**Activity:** Each entry below should be output exactly, apart from its images.

Information section start

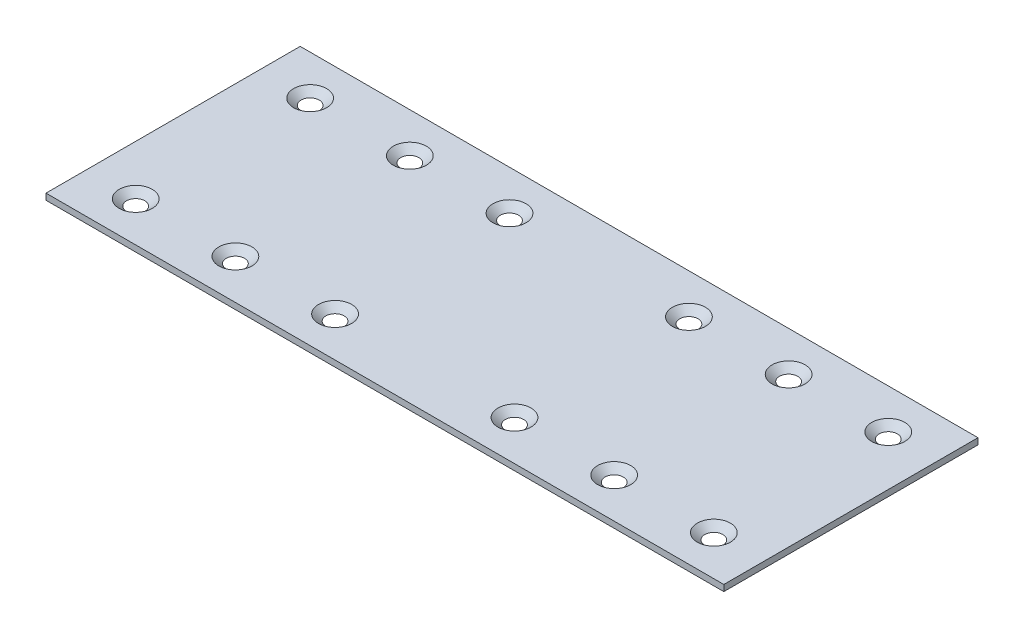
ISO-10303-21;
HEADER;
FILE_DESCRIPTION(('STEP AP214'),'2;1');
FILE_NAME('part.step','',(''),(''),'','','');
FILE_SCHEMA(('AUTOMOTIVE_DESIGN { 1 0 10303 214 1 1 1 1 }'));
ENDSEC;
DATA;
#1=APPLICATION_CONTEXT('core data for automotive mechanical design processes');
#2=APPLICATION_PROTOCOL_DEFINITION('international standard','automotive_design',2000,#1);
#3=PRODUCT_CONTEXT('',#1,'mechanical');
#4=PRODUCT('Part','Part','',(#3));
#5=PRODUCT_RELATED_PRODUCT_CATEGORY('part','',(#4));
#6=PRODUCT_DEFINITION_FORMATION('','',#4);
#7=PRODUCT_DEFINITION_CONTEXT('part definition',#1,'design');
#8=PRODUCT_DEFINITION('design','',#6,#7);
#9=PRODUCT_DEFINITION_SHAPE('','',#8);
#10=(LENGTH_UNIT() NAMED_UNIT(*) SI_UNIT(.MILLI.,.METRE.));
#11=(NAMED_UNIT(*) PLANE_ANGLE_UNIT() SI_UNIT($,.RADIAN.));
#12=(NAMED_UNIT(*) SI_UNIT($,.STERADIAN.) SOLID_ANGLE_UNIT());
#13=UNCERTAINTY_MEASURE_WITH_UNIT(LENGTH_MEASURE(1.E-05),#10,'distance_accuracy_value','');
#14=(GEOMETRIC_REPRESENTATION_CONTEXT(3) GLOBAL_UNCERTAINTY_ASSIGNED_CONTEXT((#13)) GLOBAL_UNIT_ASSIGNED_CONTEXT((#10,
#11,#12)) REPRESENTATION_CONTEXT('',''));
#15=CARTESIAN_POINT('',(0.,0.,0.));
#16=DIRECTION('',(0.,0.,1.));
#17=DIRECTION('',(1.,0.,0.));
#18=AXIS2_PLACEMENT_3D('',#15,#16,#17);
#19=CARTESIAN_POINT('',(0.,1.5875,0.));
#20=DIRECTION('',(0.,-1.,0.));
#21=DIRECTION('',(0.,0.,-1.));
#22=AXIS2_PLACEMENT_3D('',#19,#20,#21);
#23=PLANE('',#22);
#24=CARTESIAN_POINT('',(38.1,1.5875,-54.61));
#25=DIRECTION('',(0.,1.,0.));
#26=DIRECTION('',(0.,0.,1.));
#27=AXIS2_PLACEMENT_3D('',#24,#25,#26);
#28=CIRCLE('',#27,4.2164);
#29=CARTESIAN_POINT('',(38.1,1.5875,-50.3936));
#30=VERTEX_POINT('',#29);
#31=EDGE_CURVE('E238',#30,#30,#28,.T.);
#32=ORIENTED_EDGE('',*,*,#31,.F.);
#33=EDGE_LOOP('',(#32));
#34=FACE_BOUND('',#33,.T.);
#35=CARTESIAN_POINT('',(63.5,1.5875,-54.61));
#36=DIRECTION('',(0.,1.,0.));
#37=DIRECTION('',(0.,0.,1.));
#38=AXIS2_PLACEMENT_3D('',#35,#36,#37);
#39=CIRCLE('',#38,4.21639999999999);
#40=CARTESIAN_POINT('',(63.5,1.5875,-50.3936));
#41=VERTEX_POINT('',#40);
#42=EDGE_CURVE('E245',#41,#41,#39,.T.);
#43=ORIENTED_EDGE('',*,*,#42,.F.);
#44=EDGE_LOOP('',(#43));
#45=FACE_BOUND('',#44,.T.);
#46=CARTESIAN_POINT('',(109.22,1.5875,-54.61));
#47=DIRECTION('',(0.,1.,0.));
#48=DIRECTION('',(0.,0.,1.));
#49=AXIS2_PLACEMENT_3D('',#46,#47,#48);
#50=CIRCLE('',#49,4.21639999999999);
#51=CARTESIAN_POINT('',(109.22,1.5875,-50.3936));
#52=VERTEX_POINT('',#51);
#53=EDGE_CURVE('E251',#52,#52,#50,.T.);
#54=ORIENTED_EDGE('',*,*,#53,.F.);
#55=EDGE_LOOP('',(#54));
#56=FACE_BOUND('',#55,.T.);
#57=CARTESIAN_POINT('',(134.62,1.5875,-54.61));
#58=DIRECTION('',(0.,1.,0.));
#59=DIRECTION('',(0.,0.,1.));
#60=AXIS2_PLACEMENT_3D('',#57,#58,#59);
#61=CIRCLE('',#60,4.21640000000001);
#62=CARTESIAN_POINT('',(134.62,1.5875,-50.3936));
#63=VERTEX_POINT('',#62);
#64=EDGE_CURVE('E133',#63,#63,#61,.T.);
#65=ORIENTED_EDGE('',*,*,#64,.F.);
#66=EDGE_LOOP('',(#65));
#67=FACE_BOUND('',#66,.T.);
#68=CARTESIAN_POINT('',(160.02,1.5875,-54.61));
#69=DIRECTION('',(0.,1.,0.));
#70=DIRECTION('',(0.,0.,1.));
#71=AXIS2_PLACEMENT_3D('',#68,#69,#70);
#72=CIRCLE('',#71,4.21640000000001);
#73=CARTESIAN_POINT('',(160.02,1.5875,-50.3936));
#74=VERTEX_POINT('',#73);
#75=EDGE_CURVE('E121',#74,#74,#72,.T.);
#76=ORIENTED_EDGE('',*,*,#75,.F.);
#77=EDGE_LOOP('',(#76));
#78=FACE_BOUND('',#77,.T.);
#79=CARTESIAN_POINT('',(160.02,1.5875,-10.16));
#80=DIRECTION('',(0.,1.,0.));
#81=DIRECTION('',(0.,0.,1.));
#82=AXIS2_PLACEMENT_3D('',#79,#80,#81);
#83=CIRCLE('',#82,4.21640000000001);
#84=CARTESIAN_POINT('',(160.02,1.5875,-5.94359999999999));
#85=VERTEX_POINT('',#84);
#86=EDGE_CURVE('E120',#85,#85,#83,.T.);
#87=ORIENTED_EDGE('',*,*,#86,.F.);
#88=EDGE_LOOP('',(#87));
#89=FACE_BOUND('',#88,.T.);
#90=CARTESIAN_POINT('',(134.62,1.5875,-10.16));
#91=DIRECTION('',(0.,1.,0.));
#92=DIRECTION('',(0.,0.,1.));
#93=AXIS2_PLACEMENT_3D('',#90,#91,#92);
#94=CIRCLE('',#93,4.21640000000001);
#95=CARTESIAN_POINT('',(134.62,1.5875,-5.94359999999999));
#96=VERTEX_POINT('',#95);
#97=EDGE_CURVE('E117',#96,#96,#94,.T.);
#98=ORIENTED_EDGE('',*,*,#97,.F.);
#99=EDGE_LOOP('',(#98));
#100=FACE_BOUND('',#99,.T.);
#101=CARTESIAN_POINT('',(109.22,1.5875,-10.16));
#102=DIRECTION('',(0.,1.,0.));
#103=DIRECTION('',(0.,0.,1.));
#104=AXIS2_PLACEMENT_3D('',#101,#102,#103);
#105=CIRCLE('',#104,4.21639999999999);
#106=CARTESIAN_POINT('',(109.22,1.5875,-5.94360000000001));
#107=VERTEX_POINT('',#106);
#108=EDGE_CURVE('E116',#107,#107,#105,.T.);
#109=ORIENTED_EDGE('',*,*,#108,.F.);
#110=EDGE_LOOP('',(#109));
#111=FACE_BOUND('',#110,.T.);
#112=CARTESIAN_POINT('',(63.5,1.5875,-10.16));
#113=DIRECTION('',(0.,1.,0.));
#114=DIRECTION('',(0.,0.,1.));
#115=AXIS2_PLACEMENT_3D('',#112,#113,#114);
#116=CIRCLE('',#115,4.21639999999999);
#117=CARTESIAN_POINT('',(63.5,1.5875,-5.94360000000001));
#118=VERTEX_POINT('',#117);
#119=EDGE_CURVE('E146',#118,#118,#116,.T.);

Information section end

**Solved exercise:**
ISO-10303-21;
HEADER;
FILE_DESCRIPTION(('STEP AP214'),'2;1');
FILE_NAME('part.step','',(''),(''),'','','');
FILE_SCHEMA(('AUTOMOTIVE_DESIGN { 1 0 10303 214 1 1 1 1 }'));
ENDSEC;
DATA;
#1=APPLICATION_CONTEXT('core data for automotive mechanical design processes');
#2=APPLICATION_PROTOCOL_DEFINITION('international standard','automotive_design',2000,#1);
#3=PRODUCT_CONTEXT('',#1,'mechanical');
#4=PRODUCT('Part','Part','',(#3));
#5=PRODUCT_RELATED_PRODUCT_CATEGORY('part','',(#4));
#6=PRODUCT_DEFINITION_FORMATION('','',#4);
#7=PRODUCT_DEFINITION_CONTEXT('part definition',#1,'design');
#8=PRODUCT_DEFINITION('design','',#6,#7);
#9=PRODUCT_DEFINITION_SHAPE('','',#8);
#10=(LENGTH_UNIT() NAMED_UNIT(*) SI_UNIT(.MILLI.,.METRE.));
#11=(NAMED_UNIT(*) PLANE_ANGLE_UNIT() SI_UNIT($,.RADIAN.));
#12=(NAMED_UNIT(*) SI_UNIT($,.STERADIAN.) SOLID_ANGLE_UNIT());
#13=UNCERTAINTY_MEASURE_WITH_UNIT(LENGTH_MEASURE(1.E-05),#10,'distance_accuracy_value','');
#14=(GEOMETRIC_REPRESENTATION_CONTEXT(3) GLOBAL_UNCERTAINTY_ASSIGNED_CONTEXT((#13)) GLOBAL_UNIT_ASSIGNED_CONTEXT((#10,
#11,#12)) REPRESENTATION_CONTEXT('',''));
#15=CARTESIAN_POINT('',(0.,0.,0.));
#16=DIRECTION('',(0.,0.,1.));
#17=DIRECTION('',(1.,0.,0.));
#18=AXIS2_PLACEMENT_3D('',#15,#16,#17);
#19=CARTESIAN_POINT('',(0.,1.5875,0.));
#20=DIRECTION('',(0.,-1.,0.));
#21=DIRECTION('',(0.,0.,-1.));
#22=AXIS2_PLACEMENT_3D('',#19,#20,#21);
#23=PLANE('',#22);
#24=CARTESIAN_POINT('',(38.1,1.5875,-54.61));
#25=DIRECTION('',(0.,1.,0.));
#26=DIRECTION('',(0.,0.,1.));
#27=AXIS2_PLACEMENT_3D('',#24,#25,#26);
#28=CIRCLE('',#27,4.2164);
#29=CARTESIAN_POINT('',(38.1,1.5875,-50.3936));
#30=VERTEX_POINT('',#29);
#31=EDGE_CURVE('E238',#30,#30,#28,.T.);
#32=ORIENTED_EDGE('',*,*,#31,.F.);
#33=EDGE_LOOP('',(#32));
#34=FACE_BOUND('',#33,.T.);
#35=CARTESIAN_POINT('',(63.5,1.5875,-54.61));
#36=DIRECTION('',(0.,1.,0.));
#37=DIRECTION('',(0.,0.,1.));
#38=AXIS2_PLACEMENT_3D('',#35,#36,#37);
#39=CIRCLE('',#38,4.21639999999999);
#40=CARTESIAN_POINT('',(63.5,1.5875,-50.3936));
#41=VERTEX_POINT('',#40);
#42=EDGE_CURVE('E245',#41,#41,#39,.T.);
#43=ORIENTED_EDGE('',*,*,#42,.F.);
#44=EDGE_LOOP('',(#43));
#45=FACE_BOUND('',#44,.T.);
#46=CARTESIAN_POINT('',(109.22,1.5875,-54.61));
#47=DIRECTION('',(0.,1.,0.));
#48=DIRECTION('',(0.,0.,1.));
#49=AXIS2_PLACEMENT_3D('',#46,#47,#48);
#50=CIRCLE('',#49,4.21639999999999);
#51=CARTESIAN_POINT('',(109.22,1.5875,-50.3936));
#52=VERTEX_POINT('',#51);
#53=EDGE_CURVE('E251',#52,#52,#50,.T.);
#54=ORIENTED_EDGE('',*,*,#53,.F.);
#55=EDGE_LOOP('',(#54));
#56=FACE_BOUND('',#55,.T.);
#57=CARTESIAN_POINT('',(134.62,1.5875,-54.61));
#58=DIRECTION('',(0.,1.,0.));
#59=DIRECTION('',(0.,0.,1.));
#60=AXIS2_PLACEMENT_3D('',#57,#58,#59);
#61=CIRCLE('',#60,4.21640000000001);
#62=CARTESIAN_POINT('',(134.62,1.5875,-50.3936));
#63=VERTEX_POINT('',#62);
#64=EDGE_CURVE('E133',#63,#63,#61,.T.);
#65=ORIENTED_EDGE('',*,*,#64,.F.);
#66=EDGE_LOOP('',(#65));
#67=FACE_BOUND('',#66,.T.);
#68=CARTESIAN_POINT('',(160.02,1.5875,-54.61));
#69=DIRECTION('',(0.,1.,0.));
#70=DIRECTION('',(0.,0.,1.));
#71=AXIS2_PLACEMENT_3D('',#68,#69,#70);
#72=CIRCLE('',#71,4.21640000000001);
#73=CARTESIAN_POINT('',(160.02,1.5875,-50.3936));
#74=VERTEX_POINT('',#73);
#75=EDGE_CURVE('E121',#74,#74,#72,.T.);
#76=ORIENTED_EDGE('',*,*,#75,.F.);
#77=EDGE_LOOP('',(#76));
#78=FACE_BOUND('',#77,.T.);
#79=CARTESIAN_POINT('',(160.02,1.5875,-10.16));
#80=DIRECTION('',(0.,1.,0.));
#81=DIRECTION('',(0.,0.,1.));
#82=AXIS2_PLACEMENT_3D('',#79,#80,#81);
#83=CIRCLE('',#82,4.21640000000001);
#84=CARTESIAN_POINT('',(160.02,1.5875,-5.94359999999999));
#85=VERTEX_POINT('',#84);
#86=EDGE_CURVE('E120',#85,#85,#83,.T.);
#87=ORIENTED_EDGE('',*,*,#86,.F.);
#88=EDGE_LOOP('',(#87));
#89=FACE_BOUND('',#88,.T.);
#90=CARTESIAN_POINT('',(134.62,1.5875,-10.16));
#91=DIRECTION('',(0.,1.,0.));
#92=DIRECTION('',(0.,0.,1.));
#93=AXIS2_PLACEMENT_3D('',#90,#91,#92);
#94=CIRCLE('',#93,4.21640000000001);
#95=CARTESIAN_POINT('',(134.62,1.5875,-5.94359999999999));
#96=VERTEX_POINT('',#95);
#97=EDGE_CURVE('E117',#96,#96,#94,.T.);
#98=ORIENTED_EDGE('',*,*,#97,.F.);
#99=EDGE_LOOP('',(#98));
#100=FACE_BOUND('',#99,.T.);
#101=CARTESIAN_POINT('',(109.22,1.5875,-10.16));
#102=DIRECTION('',(0.,1.,0.));
#103=DIRECTION('',(0.,0.,1.));
#104=AXIS2_PLACEMENT_3D('',#101,#102,#103);
#105=CIRCLE('',#104,4.21639999999999);
#106=CARTESIAN_POINT('',(109.22,1.5875,-5.94360000000001));
#107=VERTEX_POINT('',#106);
#108=EDGE_CURVE('E116',#107,#107,#105,.T.);
#109=ORIENTED_EDGE('',*,*,#108,.F.);
#110=EDGE_LOOP('',(#109));
#111=FACE_BOUND('',#110,.T.);
#112=CARTESIAN_POINT('',(63.5,1.5875,-10.16));
#113=DIRECTION('',(0.,1.,0.));
#114=DIRECTION('',(0.,0.,1.));
#115=AXIS2_PLACEMENT_3D('',#112,#113,#114);
#116=CIRCLE('',#115,4.21639999999999);
#117=CARTESIAN_POINT('',(63.5,1.5875,-5.94360000000001));
#118=VERTEX_POINT('',#117);
#119=EDGE_CURVE('E146',#118,#118,#116,.T.);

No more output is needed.